Pomiferin is a prenylated isoflavone that can be found along with osajin in the fruits and female flowers of the osage orange tree (Maclura pomifera).

Pomiferin was identified and named in 1939 by Melville L. Wolfrom from Ohio State University. In 1941, Wolfram classified pomiferin as an isoflavone and in 1946 published the complete structure of Pomiferin. In 2003 the crystal structure of pomiferin (3-(3,4-dihydroxyphenyl)-5-hydroxy-8,8-dimethyl-6-(3-methylbut-2-enyl)-4H,8H-pyrano[2,3-h]chromen-4-one), C25H24O6 was reported by J. Marek.

In recent research Pomiferin has demonstrated efficacy as an antioxidant, cardioprotectant, antimicrobial, antidiabetic, PDE5 inhibitor and cytotoxicity for several cancer cell lines.

Research

Repellent
Peterson and Fristad (2000) investigated folklore beliefs stating that osage orange fruit repelled insects. They concluded that pure pomiferin had little or no effect and that there must be another component of the Osage orange that repels insects.

Antioxidant
Pomiferin has shown antioxidant activity via inhibition of lipid peroxidation and the reduction of free radicals, reactive oxygen species and other unstable molecules. Tsao and Yang (2003) reported that Pomiferin was found to be a strong antioxidant, comparable to the vitamins C and E and the synthetic antioxidant BHT.

Cardioprotectant
Necas and Bartosíková (2007) reported that the chemical had potent cardioprotective effect on rat hearts subjected to ischemia and reperfusion injury.
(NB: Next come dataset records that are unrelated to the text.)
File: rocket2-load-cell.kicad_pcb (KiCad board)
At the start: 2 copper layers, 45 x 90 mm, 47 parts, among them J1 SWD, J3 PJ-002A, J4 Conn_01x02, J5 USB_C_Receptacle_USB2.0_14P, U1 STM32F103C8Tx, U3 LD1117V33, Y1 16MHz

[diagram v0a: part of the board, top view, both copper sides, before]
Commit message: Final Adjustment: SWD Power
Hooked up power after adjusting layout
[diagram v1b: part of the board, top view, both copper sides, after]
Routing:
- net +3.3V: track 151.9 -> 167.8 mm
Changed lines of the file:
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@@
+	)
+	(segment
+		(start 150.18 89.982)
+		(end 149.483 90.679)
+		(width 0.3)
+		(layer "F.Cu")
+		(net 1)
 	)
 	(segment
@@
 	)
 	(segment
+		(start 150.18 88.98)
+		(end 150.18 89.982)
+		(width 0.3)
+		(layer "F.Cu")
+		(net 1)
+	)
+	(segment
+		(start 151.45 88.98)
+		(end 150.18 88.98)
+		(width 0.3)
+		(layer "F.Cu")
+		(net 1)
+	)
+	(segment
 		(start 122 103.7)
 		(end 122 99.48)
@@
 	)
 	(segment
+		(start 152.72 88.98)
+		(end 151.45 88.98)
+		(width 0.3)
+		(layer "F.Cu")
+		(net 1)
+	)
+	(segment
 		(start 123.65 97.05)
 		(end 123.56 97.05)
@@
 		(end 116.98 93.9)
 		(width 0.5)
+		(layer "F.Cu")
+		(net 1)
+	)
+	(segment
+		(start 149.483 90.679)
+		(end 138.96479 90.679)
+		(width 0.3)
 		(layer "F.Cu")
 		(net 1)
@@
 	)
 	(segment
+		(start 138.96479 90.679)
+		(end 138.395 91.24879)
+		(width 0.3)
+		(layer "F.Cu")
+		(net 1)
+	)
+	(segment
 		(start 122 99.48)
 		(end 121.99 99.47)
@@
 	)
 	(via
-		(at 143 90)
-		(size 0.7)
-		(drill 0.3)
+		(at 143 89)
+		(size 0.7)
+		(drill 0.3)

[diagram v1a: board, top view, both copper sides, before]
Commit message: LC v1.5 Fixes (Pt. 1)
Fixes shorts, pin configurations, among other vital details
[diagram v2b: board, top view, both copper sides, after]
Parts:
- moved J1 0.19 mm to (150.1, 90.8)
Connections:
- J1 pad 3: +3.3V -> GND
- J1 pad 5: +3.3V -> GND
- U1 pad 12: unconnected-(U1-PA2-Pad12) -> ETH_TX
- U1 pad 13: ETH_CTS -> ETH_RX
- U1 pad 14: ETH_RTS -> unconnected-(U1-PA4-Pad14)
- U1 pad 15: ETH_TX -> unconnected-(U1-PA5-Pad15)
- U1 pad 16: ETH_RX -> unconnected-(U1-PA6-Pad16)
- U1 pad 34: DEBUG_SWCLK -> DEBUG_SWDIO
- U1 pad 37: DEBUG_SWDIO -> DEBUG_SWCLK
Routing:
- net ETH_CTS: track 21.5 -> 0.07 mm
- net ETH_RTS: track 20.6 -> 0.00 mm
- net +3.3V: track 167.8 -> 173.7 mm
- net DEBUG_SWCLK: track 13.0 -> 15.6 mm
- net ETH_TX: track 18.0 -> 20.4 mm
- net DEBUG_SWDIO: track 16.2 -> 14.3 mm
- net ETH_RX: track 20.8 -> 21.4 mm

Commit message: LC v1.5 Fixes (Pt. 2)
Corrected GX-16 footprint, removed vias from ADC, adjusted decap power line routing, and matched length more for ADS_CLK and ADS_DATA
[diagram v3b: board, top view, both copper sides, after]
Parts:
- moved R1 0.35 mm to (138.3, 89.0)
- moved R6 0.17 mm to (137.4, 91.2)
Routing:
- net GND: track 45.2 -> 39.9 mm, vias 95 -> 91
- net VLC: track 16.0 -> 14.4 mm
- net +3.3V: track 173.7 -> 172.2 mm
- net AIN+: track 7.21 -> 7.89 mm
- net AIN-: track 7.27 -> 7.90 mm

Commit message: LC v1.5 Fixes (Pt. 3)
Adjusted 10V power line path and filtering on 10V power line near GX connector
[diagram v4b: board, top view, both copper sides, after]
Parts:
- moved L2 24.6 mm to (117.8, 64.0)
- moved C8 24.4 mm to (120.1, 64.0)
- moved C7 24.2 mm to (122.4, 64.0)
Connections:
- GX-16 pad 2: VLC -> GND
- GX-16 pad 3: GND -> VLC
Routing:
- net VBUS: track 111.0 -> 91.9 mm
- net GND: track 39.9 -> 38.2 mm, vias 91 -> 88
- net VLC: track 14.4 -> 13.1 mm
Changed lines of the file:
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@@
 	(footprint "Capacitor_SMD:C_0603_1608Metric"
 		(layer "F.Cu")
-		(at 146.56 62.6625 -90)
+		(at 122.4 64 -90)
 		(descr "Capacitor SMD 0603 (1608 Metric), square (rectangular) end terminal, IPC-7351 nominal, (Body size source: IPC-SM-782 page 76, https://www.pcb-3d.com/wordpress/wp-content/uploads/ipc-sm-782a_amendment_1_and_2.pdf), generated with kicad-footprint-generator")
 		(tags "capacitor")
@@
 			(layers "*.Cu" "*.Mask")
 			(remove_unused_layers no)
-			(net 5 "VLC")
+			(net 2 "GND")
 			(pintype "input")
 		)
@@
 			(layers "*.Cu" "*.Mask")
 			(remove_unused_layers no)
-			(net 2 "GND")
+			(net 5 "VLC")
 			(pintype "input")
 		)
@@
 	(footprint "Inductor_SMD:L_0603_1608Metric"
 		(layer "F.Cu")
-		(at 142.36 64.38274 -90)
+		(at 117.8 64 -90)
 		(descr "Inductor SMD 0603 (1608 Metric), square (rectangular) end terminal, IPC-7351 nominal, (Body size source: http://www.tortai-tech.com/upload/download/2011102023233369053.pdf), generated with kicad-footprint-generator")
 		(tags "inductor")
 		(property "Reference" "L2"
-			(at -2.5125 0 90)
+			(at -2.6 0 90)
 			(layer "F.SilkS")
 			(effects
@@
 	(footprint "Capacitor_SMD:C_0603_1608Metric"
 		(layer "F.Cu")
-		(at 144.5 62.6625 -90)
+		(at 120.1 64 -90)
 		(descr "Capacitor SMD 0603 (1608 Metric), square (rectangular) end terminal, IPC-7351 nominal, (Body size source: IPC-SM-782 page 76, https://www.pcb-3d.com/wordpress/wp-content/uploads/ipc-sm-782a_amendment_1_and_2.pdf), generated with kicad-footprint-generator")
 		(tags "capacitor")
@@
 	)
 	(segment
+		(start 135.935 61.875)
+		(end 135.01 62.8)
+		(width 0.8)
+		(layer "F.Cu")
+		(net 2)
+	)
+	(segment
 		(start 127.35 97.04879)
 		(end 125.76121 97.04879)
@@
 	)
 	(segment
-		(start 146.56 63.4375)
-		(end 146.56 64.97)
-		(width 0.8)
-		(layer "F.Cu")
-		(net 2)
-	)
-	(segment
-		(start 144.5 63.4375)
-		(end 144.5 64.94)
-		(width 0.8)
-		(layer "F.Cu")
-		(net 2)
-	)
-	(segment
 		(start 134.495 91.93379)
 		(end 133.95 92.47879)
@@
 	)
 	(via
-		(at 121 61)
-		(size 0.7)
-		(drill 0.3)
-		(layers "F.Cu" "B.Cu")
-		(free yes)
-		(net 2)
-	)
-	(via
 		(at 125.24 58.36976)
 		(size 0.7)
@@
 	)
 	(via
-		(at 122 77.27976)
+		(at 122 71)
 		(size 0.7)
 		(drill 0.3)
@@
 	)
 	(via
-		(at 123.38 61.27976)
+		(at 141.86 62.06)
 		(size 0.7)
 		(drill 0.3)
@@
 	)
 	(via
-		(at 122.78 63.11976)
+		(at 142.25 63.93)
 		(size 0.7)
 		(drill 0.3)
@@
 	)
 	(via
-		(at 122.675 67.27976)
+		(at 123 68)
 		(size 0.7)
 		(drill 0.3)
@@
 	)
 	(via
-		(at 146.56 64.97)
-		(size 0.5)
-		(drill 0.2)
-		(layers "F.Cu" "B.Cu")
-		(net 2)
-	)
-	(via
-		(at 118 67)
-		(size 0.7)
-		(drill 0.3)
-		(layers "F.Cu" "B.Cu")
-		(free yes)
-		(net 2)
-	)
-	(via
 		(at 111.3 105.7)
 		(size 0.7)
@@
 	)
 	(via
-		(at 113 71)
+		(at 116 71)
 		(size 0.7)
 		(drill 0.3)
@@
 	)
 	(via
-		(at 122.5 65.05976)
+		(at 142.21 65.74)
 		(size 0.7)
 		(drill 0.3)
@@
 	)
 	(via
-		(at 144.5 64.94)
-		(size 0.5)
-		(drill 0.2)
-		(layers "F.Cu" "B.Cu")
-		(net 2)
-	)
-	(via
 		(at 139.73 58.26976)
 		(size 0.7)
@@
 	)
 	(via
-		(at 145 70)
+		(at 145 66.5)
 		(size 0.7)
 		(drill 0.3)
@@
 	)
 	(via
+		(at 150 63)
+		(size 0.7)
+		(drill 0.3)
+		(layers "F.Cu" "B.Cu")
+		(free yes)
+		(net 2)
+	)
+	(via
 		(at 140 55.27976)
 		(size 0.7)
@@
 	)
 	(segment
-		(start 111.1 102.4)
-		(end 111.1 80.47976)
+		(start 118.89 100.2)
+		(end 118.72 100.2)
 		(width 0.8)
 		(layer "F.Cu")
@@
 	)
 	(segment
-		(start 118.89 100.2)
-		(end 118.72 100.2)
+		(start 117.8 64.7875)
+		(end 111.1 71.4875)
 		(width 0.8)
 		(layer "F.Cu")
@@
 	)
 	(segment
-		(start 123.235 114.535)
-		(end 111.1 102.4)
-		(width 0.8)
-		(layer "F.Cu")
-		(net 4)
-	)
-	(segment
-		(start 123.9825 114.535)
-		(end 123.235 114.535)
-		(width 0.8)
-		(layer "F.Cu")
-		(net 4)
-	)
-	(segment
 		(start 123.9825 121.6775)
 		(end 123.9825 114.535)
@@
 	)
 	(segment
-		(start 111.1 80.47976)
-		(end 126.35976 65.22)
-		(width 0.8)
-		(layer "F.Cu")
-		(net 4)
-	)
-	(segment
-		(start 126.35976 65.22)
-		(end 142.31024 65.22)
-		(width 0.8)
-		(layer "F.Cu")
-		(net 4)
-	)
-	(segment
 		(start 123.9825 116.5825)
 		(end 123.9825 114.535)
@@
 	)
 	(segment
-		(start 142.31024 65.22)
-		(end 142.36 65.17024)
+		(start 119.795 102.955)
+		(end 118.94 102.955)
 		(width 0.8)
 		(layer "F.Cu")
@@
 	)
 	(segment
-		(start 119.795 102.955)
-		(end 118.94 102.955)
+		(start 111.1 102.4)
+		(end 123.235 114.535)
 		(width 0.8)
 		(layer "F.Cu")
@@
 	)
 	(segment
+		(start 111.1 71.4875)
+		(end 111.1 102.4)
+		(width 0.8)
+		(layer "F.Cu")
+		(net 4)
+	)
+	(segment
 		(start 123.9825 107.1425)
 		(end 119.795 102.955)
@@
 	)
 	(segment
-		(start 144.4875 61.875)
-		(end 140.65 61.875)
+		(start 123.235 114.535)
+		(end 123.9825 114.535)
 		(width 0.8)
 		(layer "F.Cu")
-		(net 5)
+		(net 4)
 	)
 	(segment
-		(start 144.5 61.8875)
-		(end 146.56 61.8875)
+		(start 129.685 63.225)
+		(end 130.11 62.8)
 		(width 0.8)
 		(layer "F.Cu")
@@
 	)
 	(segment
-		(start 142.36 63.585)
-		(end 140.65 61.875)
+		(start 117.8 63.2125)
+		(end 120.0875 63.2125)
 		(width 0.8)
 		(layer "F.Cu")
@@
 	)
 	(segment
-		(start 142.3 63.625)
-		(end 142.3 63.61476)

The mechanism for this protection may occur through the inhibition of lipid peroxidation.

Antimicrobial
Mahmoud (1981) indicated that pomiferin exhibited antibacterial activity against E. coli and Salmonella gallinarum, as well as Mycobacterium smegmatis to a lesser extent.

Antidiabetic
Bartosíková and Necas (2007), furthermore, conducted a biochemical examination showing antioxidative and antidiabetic effects of pomiferin.

Moon (2014) presented results of a study that evaluated the antidiabetic effect of osajin and pomiferin from the Osage orange in normal and streptozotocin-induced diabetic rats. Pomiferin in the streptozotocin-induced diabetic rats resulted in significant hypoglycemic activity for 14 days following, by decreased the serum glucose and triglycerides while increasing serum insulin in those rats.

PDE5 inhibitor
Ribaudo (2015) proposed pomiferin and osajin as potential lead compounds for the development, starting from natural scaffolds, of a new class of PDE-5A inhibitors with vasorelaxant properties to treat pulmonary hypertension and erectile dysfunction.

Anti-cancer activity
Svasti (2005) observed that pomiferin induced apoptosis and differentiation in cholangiocarcinoma cell line HuCCA-1.

Son (2007) investigated the growth-inhibitory activity of pomiferin compared to SAHA (suberoylanilide hydroxamic acid). Pomiferin exhibited cytotoxicity effects on six cancer cells lines: Kidney (ACHN), Lung (NCI-H23), Prostate (PC-3), Breast (MDA-MB-231), Melanoma (LOX-IMVI) and Colon (HCT-15).